Die Stringtheorie als Lösungsansatz
Die Superstringtheorie bietet dafür den meistversprechenden Ansatz. Sie könnte sowohl die Quantentheorie als auch die Gravitation "unter einen Hut bringen", denn sie interpretiert die Elementarteilchen als verschiedene Anregungszustände eines einzigen fadenförmigen Gebildes. Man kann es sich als eine winzige (Durchmesser etwa 10-³³ cm) schwingende Saite (engl. "String" = Saite) vorstellen. Damit unterscheidet sie sich grundsätzlich von der herkömmlichen Quantenfeldtheorie, die die Elementarteilchen als punktförmige Objekte behandelt.
Der Vorteil der Annahme von fadenförmigen Elementarteilchen liegt darin, dass die vorher beschriebenen Widersprüche vermieden werden. Die Superstringheorie liefert in beliebigen Ordnungen stets endliche Resultate. Dabei tragen die unendlich vielen weiteren "Schwingungsanregungen" des Superstrings in der Rechnung gerade so bei, dass sich alle Divergenzen aufheben.

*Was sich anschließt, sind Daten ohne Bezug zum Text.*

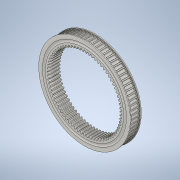
# Autodesk Inventor part: Spur Gear2
Saved by Autodesk Inventor 2020 (Build 240168000, 168)
## iProperties
CustomPartVersion: 1
Created: 2019-05-08
Part Number: Spur Gear2
Material: Steel
Document SubType Name: Modeling
Designer: Connor
Categories: <?xml version="1.0" encoding="UTF-16"?> <MemberInstance><Categories><FamilyTemplate><FamilyTemplateParameter ValueType="xs:double" Id="1" ObjectReferenceKey="da_z" ObjectType="kUserParameterObject"/><FamilyTemplateParameter ValueType="xs:double" Id="2" ObjectReferenceKey="da_b" ObjectType="kUserParameterObject"/><FamilyTemplateParameter ValueType="xs:double" Id="3" ObjectReferenceKey="da_beta" ObjectType="kUserParameterObject"/><FamilyTemplateParameter ValueType="xs:double" Id="4" ObjectReferenceKey="da_da" ObjectType="kUserParameterObject"/><FamilyTemplateParameter ValueType="xs:double" Id="5" ObjectReferenceKey="da_aw" ObjectType="kUserParameterObject"/><FamilyTemplateParameter ValueType="xs:string" Id="6" ObjectReferenceKey="EAIAABAAAAC/AAAAAAAAAIAAAAAAAAAA" ObjectType="83910656" SubObjectId="SurfaceGeometry"/></FamilyTemplate><ParamToTemplateMap><ParamToTemplate CategoryParameter="//CategoryParameter[@InternalName='046C89C9-8512-4d59-83FE-43B91F4F132A']" TemplateParameter="1"/><ParamToTemplate CategoryParameter="//CategoryParameter[@InternalName='2552DF32-E462-4b46-AEBF-C6C7768E72AC']" TemplateParameter="2"/><ParamToTemplate CategoryParameter="//CategoryParameter[@InternalName='C9EE641D-15FC-4fae-A226-E94C4372FDD7']" TemplateParameter="3"/><ParamToTemplate><ParamToTemplate CategoryParameter="//CategoryParameter[@InternalName='00B6519A-459B-49c7-AD84-2E56D39A5744']" ConstantValue="-0.000000"/></ParamToTemplate><ParamToTemplate><ParamToTemplate CategoryParameter="//CategoryParameter[@InternalName='04B31F0E-C7A6-4894-AA32-9629BEFACF47']" ConstantValue="1.000000"/></ParamToTemplate><ParamToTemplate><ParamToTemplate CategoryParameter="//CategoryParameter[@InternalName='43CBEC2E-7847-49e7-A936-2F7889FCB2D9']" ConstantValue="0.250000"/></ParamToTemplate><ParamToTemplate><ParamToTemplate CategoryParameter="//CategoryParameter[@InternalName='B1EFC894-105D-4ebd-86BF-FA20ED196853']" ConstantValue="0.333500"/></ParamToTemplate><ParamToTemplate><ParamToTemplate CategoryParameter="//CategoryParameter[@InternalName='51175063-3D10-4879-93E8-6246FE8B403D']" ConstantValue="2061532430.657340"/></ParamToTemplate><ParamToTemplate><ParamToTemplate CategoryParameter="//CategoryParameter[@InternalName='A3A52E27-4454-46a9-B0BD-C932399B70AF']" ConstantValue="0.300000"/></ParamToTemplate><ParamToTemplate><ParamToTemplate CategoryParameter="//CategoryParameter[@InternalName='91B76062-C214-41d9-B1B9-14D2AB99603D']" ConstantValue="0.127000"/></ParamToTemplate><ParamToTemplate><ParamToTemplate CategoryParameter="//CategoryParameter[@InternalName='374E806E-8B8A-4dda-A9AA-1039D6500AD2']" ConstantValue="7.874016"/></ParamToTemplate><ParamToTemplate><ParamToTemplate CategoryParameter="//CategoryParameter[@InternalName='2D373A89-B862-43d6-8D0B-0CBF12AB9F6C']" ConstantValue="0.253073"/></ParamToTemplate><ParamToTemplate CategoryParameter="//CategoryParameter[@InternalName='37777632-D6A2-4fac-9D53-DB8ACD95C989']" TemplateParameter="4"/><ParamToTemplate CategoryParameter="//CategoryParameter[@InternalName='FD1017F1-B727-4f7e-9707-0F86F1FF9423']" TemplateParameter="5"/><ParamToTemplate><ParamToTemplate CategoryParameter="//CategoryParameter[@InternalName='9E1B4470-B2D3-4ff1-B813-535BB4CDF51A']" ConstantValue="3523220.976809"/></ParamToTemplate><ParamToTemplate><ParamToTemplate CategoryParameter="//CategoryParameter[@InternalName='F8452263-BFF6-458c-9FB1-07C4B99E95CD']" ConstantValue="11397033.805607"/></ParamToTemplate><ParamToTemplate><ParamToTemplate CategoryParameter="//CategoryParameter[@InternalName='3E3BB259-FD49-497f-8171-6EBC954A3479']" ConstantValue="2.000000"/></ParamToTemplate><ParamToTemplate CategoryParameter="//CategoryParameter[@InternalName='27C3BAF2-7550-4e4b-AE2C-0DB134B7D9B7']" TemplateParameter="6"/></ParamToTemplateMap><Category DisplayName="Gear" InternalName="DC85795E-93AB-48d5-8EEE-5A27447B64BD" Mnemonic="Gear"><CategoryParameter DisplayName="z" InternalName="046C89C9-8512-4d59-83FE-43B91F4F132A" Mnemonic="z"/><CategoryParameter DisplayName="b" InternalName="2552DF32-E462-4b46-AEBF-C6C7768E72AC" Mnemonic="b"/><CategoryParameter DisplayName="||b|" InternalName="C9EE641D-15FC-4fae-A226-E94C4372FDD7" Mnemonic="beta"/><CategoryParameter DisplayName="x" InternalName="00B6519A-459B-49c7-AD84-2E56D39A5744" Mnemonic="x"/><CategoryParameter DisplayName="a*" InternalName="04B31F0E-C7A6-4894-AA32-9629BEFACF47" Mnemonic="a"/><CategoryParameter DisplayName="c*" InternalName="43CBEC2E-7847-49e7-A936-2F7889FCB2D9" Mnemonic="c"/><CategoryParameter DisplayName="r|.f|*" InternalName="B1EFC894-105D-4ebd-86BF-FA20ED196853" Mnemonic="rf"/><CategoryParameter DisplayName="E" InternalName="51175063-3D10-4879-93E8-6246FE8B403D" Mnemonic="E"/><CategoryParameter DisplayName="||m|" InternalName="A3A52E27-4454-46a9-B0BD-C932399B70AF" Mnemonic="mi"/><Category DisplayName="SpurGear" InternalName="26C5A22E-A91E-4dfd-A3B3-23CCAFAE1764" Mnemonic="SpurGear"><CategoryParameter DisplayName="m" InternalName="91B76062-C214-41d9-B1B9-14D2AB99603D" Mnemonic="m"/><CategoryParameter DisplayName="P" InternalName="374E806E-8B8A-4dda-A9AA-1039D6500AD2" Mnemonic="PP"/><CategoryParameter DisplayName="||a|" InternalName="2D373A89-B862-43d6-8D0B-0CBF12AB9F6C" Mnemonic="alpha"/><CategoryParameter DisplayName="d|.a|" InternalName="37777632-D6A2-4fac-9D53-DB8ACD95C989" Mnemonic="da"/><CategoryParameter DisplayName="a|.w|" InternalName="FD1017F1-B727-4f7e-9707-0F86F1FF9423" Mnemonic="aw"/><CategoryParameter DisplayName="||s||.Flim|" InternalName="9E1B4470-B2D3-4ff1-B813-535BB4CDF51A" Mnemonic="sFlim"/><CategoryParameter DisplayName="||s||.Hlim|" InternalName="F8452263-BFF6-458c-9FB1-07C4B99E95CD" Mnemonic="sHlim"/><CategoryParameter DisplayName="type" InternalName="3E3BB259-FD49-497f-8171-6EBC954A3479" Mnemonic="type"/><Category DisplayName="InternalSpurGear" InternalName="7CF704F6-14A9-42f8-93CE-E71DF57C2B55" Mnemonic="InternalSpurGear"><CategoryParameter DisplayName="PitchDiameter" InternalName="27C3BAF2-7550-4e4b-AE2C-0DB134B7D9B7" Mnemonic="IDS_PITCHDIAM"/></Category></Category></Category></Categories></MemberInstance>
Density: 1 g/cm^3
Appearance: Steel
Author: Connor
Autodesk Inventor part; units mm, degrees
sketch "Sketch1" plane through (0, 0, 0) normal (0, 0, 1) x (1, 0, 0)
  circle A0 centre (0, 0) radius 52.0383
  dimension "d0" = 104.0765
  constraints: 1 centre point
  measures "d0" diameter of A0
extrude "Extrusion1" add sketch "Sketch1" along normal blind 14
sketch "Sketch2" plane through (0, 0, 0) normal (0, 0, -1) x (-1, 0, 0)
  circle A0 centre (0, 0) radius 52.0383 projected
  circle A1 centre (0, 0) radius 45.72
  dimension "d3" = 91.44
  constraints: 1 centre point, 1 coincident
  measures "d3" diameter of A1
surface extrude "Pitch Diameter" sketch "Sketch2" against normal through all shown no curves A1
ref_plane "Work Plane1" through (0, 0, 0) normal (1, 0, 0) x (0, 1, 0)
ref_plane "Work Plane2" through (0, 0, 0) normal (0.9990482, 0.0436194, 0) x (0, 0, 1)
ref_plane "Work Plane3" through (0, 0, 7) normal (0, 0, -1) x (-1, 0, 0)
spur gear teeth "Spur Gear" teeth 72 pitch diameter 91.44 tip diameter 89.8336 root diameter 94.615 face width 14 start plane through (0, 0, 0) normal (0, 0, -1) x (-1, 0, 0)
sketch "Sketch3" plane through (0, 0, 14) normal (0, 0, 1) x (1, 0, 0)
  circle A0 centre (0, 0) radius 57.3 construction
  circle A1 centre (0, 0) radius 55.22 construction
  line L0 (0, 0) -> (0, 57.3) construction
  circle A2 centre (0, 56.745) radius 1.525 construction
  circle A3 centre (1.9529, 56.8365) radius 0.43 construction
  circle A4 centre (3.0082, 56.7904) radius 0.43 construction
  circle A5 centre (4.9457, 56.5291) radius 1.525 construction
  line L1 (0, 0) -> (4.994, 57.082) construction
  arc A6 (0, 55.22) -> (1.5233, 56.8163) centre (0, 56.745) ccw
  arc A7 (1.9676, 57.2662) -> (1.5233, 56.8163) centre (1.9529, 56.8365) ccw
  arc A8 (3.4343, 56.7329) -> (3.0309, 57.2198) centre (3.0082, 56.7904) ccw
  arc A9 (3.4343, 56.7329) -> (4.8127, 55.0099) centre (4.9457, 56.5291) ccw
  line L2 (1.9676, 57.2662) -> (3.0309, 57.2198)
  arc A10 (-4.8127, 55.0099) -> (-3.4343, 56.7329) centre (-4.9457, 56.5291) ccw
  arc A11 (-3.0309, 57.2198) -> (-3.4343, 56.7329) centre (-3.0082, 56.7904) ccw
  line L3 (-3.0309, 57.2198) -> (-1.9676, 57.2662)
  arc A12 (-1.5233, 56.8163) -> (-1.9676, 57.2662) centre (-1.9529, 56.8365) ccw
  arc A13 (-1.5233, 56.8163) -> (0, 55.22) centre (0, 56.745) ccw
  arc A14 (-9.5889, 54.3811) -> (-8.3659, 56.2177) centre (-9.8537, 55.8829) ccw
  arc A15 (-8.0064, 56.7379) -> (-8.3659, 56.2177) centre (-7.9464, 56.3121) ccw
  line L4 (-8.0064, 56.7379) -> (-6.9512, 56.8768)
  arc A16 (-6.4694, 56.4674) -> (-6.9512, 56.8768) centre (-6.8991, 56.45) ccw
  arc A17 (-6.4694, 56.4674) -> (-4.8127, 55.0099) centre (-4.9457, 56.5291) ccw
  arc A18 (-14.292, 53.3384) -> (-13.2337, 55.2746) centre (-14.6867, 54.8115) ccw
  arc A19 (-12.921, 55.8242) -> (-13.2337, 55.2746) centre (-12.824, 55.4052) ccw
  line L5 (-12.921, 55.8242) -> (-11.8819, 56.0545)
  arc A20 (-11.3662, 55.6887) -> (-11.8819, 56.0545) centre (-11.7927, 55.6339) ccw
  arc A21 (-11.3662, 55.6887) -> (-9.5889, 54.3811) centre (-9.8537, 55.8829) ccw
  arc A22 (-18.8864, 51.8898) -> (-18.0009, 53.9109) centre (-19.4079, 53.3229) ccw
  arc A23 (-17.7372, 54.4856) -> (-18.0009, 53.9109) centre (-17.6041, 54.0767) ccw
  line L6 (-17.7372, 54.4856) -> (-16.7222, 54.8056)
  arc A24 (-16.1766, 54.4861) -> (-16.7222, 54.8056) centre (-16.5967, 54.3944) ccw
  arc A25 (-16.1766, 54.4861) -> (-14.292, 53.3384) centre (-14.6867, 54.8115) ccw
  arc A26 (-23.337, 50.0463) -> (-22.631, 52.1369) centre (-23.9815, 51.4284) ccw
  arc A27 (-22.4185, 52.7324) -> (-22.631, 52.1369) centre (-22.2502, 52.3366) ccw
  line L7 (-22.4185, 52.7324) -> (-21.4352, 53.1397)
  arc A28 (-20.8638, 52.8689) -> (-21.4352, 53.1397) centre (-21.2743, 52.7409) ccw
  arc A29 (-20.8638, 52.8689) -> (-18.8864, 51.8898) centre (-19.4079, 53.3229) ccw
  arc A30 (-27.61, 47.8219) -> (-27.0889, 49.9661) centre (-28.3725, 49.1426) ccw
  arc A31 (-26.9291, 50.5778) -> (-27.0889, 49.9661) centre (-26.727, 50.1982) ccw
  line L8 (-26.9291, 50.5778) -> (-25.985, 51.0693)
  arc A32 (-25.3922, 50.8493) -> (-25.985, 51.0693) centre (-25.79, 50.686) ccw
  arc A33 (-25.3922, 50.8493) -> (-23.337, 50.0463) centre (-23.9815, 51.4284) ccw
  arc A34 (-31.6729, 45.2336) -> (-31.3407, 47.415) centre (-32.5476, 46.4828) ccw
  arc A35 (-31.2348, 48.0383) -> (-31.3407, 47.415) centre (-31.0004, 47.6778) ccw
  line L9 (-31.2348, 48.0383) -> (-30.3371, 48.6102)
  arc A36 (-29.7274, 48.4427) -> (-30.3371, 48.6102) centre (-30.1095, 48.2454) ccw
  arc A37 (-29.7274, 48.4427) -> (-27.61, 47.8219) centre (-28.3725, 49.1426) ccw
  arc A38 (-35.4947, 42.301) -> (-35.3539, 44.503) centre (-36.475, 43.4692) ccw
  arc A39 (-35.3027, 45.1332) -> (-35.3539, 44.503) centre (-35.0378, 44.7945) ccw
  line L10 (-35.3027, 45.1332) -> (-34.4583, 45.7811)
  arc A40 (-33.8364, 45.6675) -> (-34.4583, 45.7811) centre (-34.1997, 45.4376) ccw
  arc A41 (-33.8364, 45.6675) -> (-31.6729, 45.2336) centre (-32.5476, 46.4828) ccw
  arc A42 (-39.0464, 39.0464) -> (-39.0981, 41.2524) centre (-40.1248, 40.1248) ccw
  arc A43 (-39.102, 41.8846) -> (-39.0981, 41.2524) centre (-38.8086, 41.5703) ccw
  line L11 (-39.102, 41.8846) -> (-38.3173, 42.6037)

Ist der Ursprung der Materie geklärt?
Erstaunlich ist nun, dass die übrigbleibenden masselosen Zustände, die den "Niedrigenergiesektor" bevölkern, in einigen Versionen der Superstringtheorie dem beobachteten Spektrum der Elementarteilchen recht nahe kommen und auch deren "Händigkeit" (Chiralität) aufweisen. Diese Erfolge haben Hoffnungen keimen lassen, dass die Theorie nicht nur den Widerspruch zwischen Quantentheorie und Gravitation aufzulösen vermag, sondern vielleicht auch den Ursprung der Materie erklären kann.

Eine radikale Modifikation der Raum-Zeit-Konzepte ist erforderlich
Trotz ihrer Unvollständigkeit stellen die bisher erzielten Ergebnisse bewährte Grundprinzipien der Quantenfeldtheorie in Frage und erzwingen wahrscheinlich eine radikale Modifikation der herkömmlichen Raum-Zeit-Konzepte bei extrem kleinen Abständen. Erwartet wird, dass in einer Theorie der Quantengravitation der Begriff des Raum-Zeit-Punktes und damit der Begriff des Raum-Zeit-Kontinuums durch ein übergeordnetes Konzept ersetzt wird. Ebenso wie der Begriff der Bahn eines Elektrons im Rahmen der Quantentheorie seinen Sinn verliert. Vermutlich wird in einer solchen Theorie auch die vertraute Unterscheidung zwischen Raum-Zeit und Materie hinfällig. Bisher haben allerdings die enormen mathematischen und begrifflichen Schwierigkeiten alle Versuche vereitelt zu verstehen, was "wirklich passiert", wo Raum und Zeit ihre Gültigkeit verlieren.